Yau begins with his remarkable personal story, starting out with a childhood of difficult circumstances in Hong Kong. He gives a wonderful description of the new world that opened up to him when he came to the US as a graduate student in Berkeley, where he joyfully immersed himself in the library and a wide range of courses. Particularly influential for his later career was a course by Charles Morrey on non-linear PDEs, which he describes as losing all of its students except for him, many off to protest the bombing of Cambodia.

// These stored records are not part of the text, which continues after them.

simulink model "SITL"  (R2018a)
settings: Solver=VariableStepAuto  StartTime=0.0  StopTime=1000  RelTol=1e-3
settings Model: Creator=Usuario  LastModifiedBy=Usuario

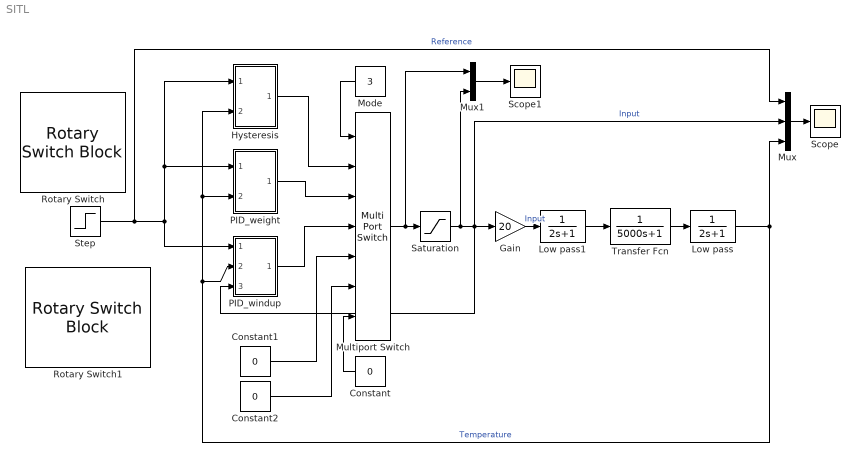
== system SITL ==
  Constant : Constant  Value=0
  Constant1 : Constant  Value=0
  Constant2 : Constant  Value=0
  Gain : Gain  Gain=20
  Hysteresis : Subsystem
  Low pass : TransferFcn  Denominator=[2 1]
  Low pass1 : TransferFcn  Denominator=[2 1]
  Mode : Constant  Value=3
  Multiport Switch : MultiPortSwitch  Inputs=5  DataPortForDefault=Additional data port
  Mux : Mux  Inputs=3
  Mux1 : Mux  Inputs=2
  PID_weight : Subsystem
  PID_windup : Subsystem
  Rotary Switch : RotarySwitchBlock  WebBlockId=48  LabelPosition=Bottom
      settings: Values={{'Off', 'Δ10', 'Δ30', 'Δ50'}, [0 10 30 50]}
  Rotary Switch1 : RotarySwitchBlock  WebBlockId=49  LabelPosition=Bottom
      settings: Values={{'Hyst', 'weight', 'windup', 'filter', 'Events'}, [1 2 3 4 5]}
  Saturation : Saturate  UpperLimit=100  LowerLimit=0
  Scope : Scope
  Scope1 : Scope
  Step : Step  Time=0  After=50  SampleTime=0
  Transfer Fcn : TransferFcn  Denominator=[5000 1]
  wires:
  Step/1 -> Mux/1, Hysteresis/1(Reference), PID_weight/1(Reference), PID_windup/1(Reference)  "Reference"
  Transfer Fcn/1 -> Low pass/1
  Mux/1 -> Scope/1
  Saturation/1 -> Mux1/2, PID_windup/3(Saturated), Mux/2, Gain/1  "Input"
  Multiport Switch/1 -> Mux1/1, Saturation/1
  Low pass/1 -> PID_windup/2(State), PID_weight/2(State), Hysteresis/2(State), Mux/3  "Temperature"
  Gain/1 -> Low pass1/1  "Input"
  Low pass1/1 -> Transfer Fcn/1
  Constant/1 -> Multiport Switch/7
  Hysteresis/1(Out) -> Multiport Switch/2
  PID_weight/1(Out) -> Multiport Switch/3
  Mode/1 -> Multiport Switch/1
  PID_windup/1(Out) -> Multiport Switch/4
  Mux1/1 -> Scope1/1
  Constant1/1 -> Multiport Switch/5
  Constant2/1 -> Multiport Switch/6

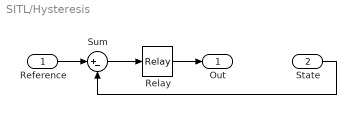
== system SITL/Hysteresis ==
  Reference : Inport
  State : Inport  Port=2
  Relay : Relay  OnSwitchValue=2  OffSwitchValue=0  OnOutputValue=100
  Sum : Sum  Inputs=|+-
  Out : Outport
  wires:
  Relay/1 -> Out/1
  State/1 -> Sum/2
  Reference/1 -> Sum/1
  Sum/1 -> Relay/1

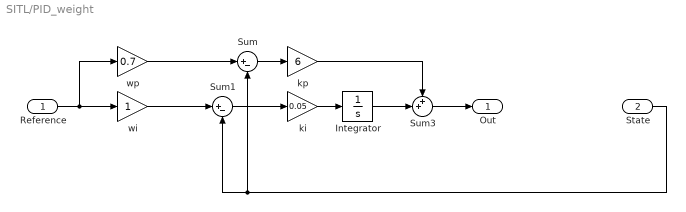
== system SITL/PID_weight ==
  Reference : Inport
  State : Inport  Port=2
  Integrator : Integrator
  Sum : Sum  Inputs=|+-
  Sum1 : Sum  Inputs=|+-
  Sum3 : Sum  Inputs=++|
  ki : Gain  Gain=0.05
  kp : Gain  Gain=6
  wi : Gain
  wp : Gain  Gain=0.7
  Out : Outport
  wires:
  kp/1 -> Sum3/1
  Sum/1 -> kp/1
  ki/1 -> Integrator/1
  State/1 -> Sum/2, Sum1/2
  Sum1/1 -> ki/1
  Sum3/1 -> Out/1
  Integrator/1 -> Sum3/2
  Reference/1 -> wp/1, wi/1
  wp/1 -> Sum/1
  wi/1 -> Sum1/1

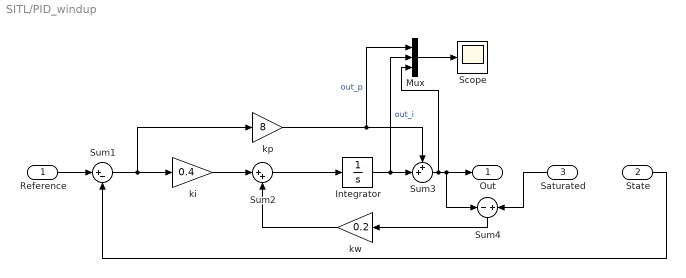
== system SITL/PID_windup ==
  Reference : Inport
  State : Inport  Port=2
  Saturated : Inport  Port=3
  Integrator : Integrator
  Mux : Mux  Inputs=3
  Scope : Scope
  Sum1 : Sum  Inputs=|+-
  Sum2 : Sum  Inputs=|++
  Sum3 : Sum  Inputs=++|
  Sum4 : Sum  Inputs=-|+
  ki : Gain  Gain=0.4
  kp : Gain  Gain=8
  kw : Gain  Gain=0.2
  Out : Outport
  wires:
  Reference/1 -> Sum1/1
  Sum3/1 -> Mux/3, Out/1, Sum4/1
  State/1 -> Sum1/2
  Sum1/1 -> ki/1, kp/1
  kp/1 -> Mux/1, Sum3/1  "out_p"
  ki/1 -> Sum2/1
  Saturated/1 -> Sum4/2
  Sum2/1 -> Integrator/1
  Sum4/1 -> kw/1
  Integrator/1 -> Mux/2, Sum3/2  "out_i"
  Mux/1 -> Scope/1
  kw/1 -> Sum2/2

He then goes on to tell some of the story of his early career, culminating for him in his proof of the Calabi conjecture. This conjecture basically says that if a compact Kahler manifold has vanishing first Chern class (a topological condition), then it carries a unique Kahler metric satisfying the condition of vanishing Ricci curvature. It’s a kind of uniformisation theorem, saying that these manifolds come with a “best” metric. Such manifolds are now called “Calabi-Yau manifolds”, and while the ones of interest in string theory unification have six dimensions, they exist in all even dimensions, in some sense generalizing the special case of an elliptic curve (torus) among two-dimensional surfaces.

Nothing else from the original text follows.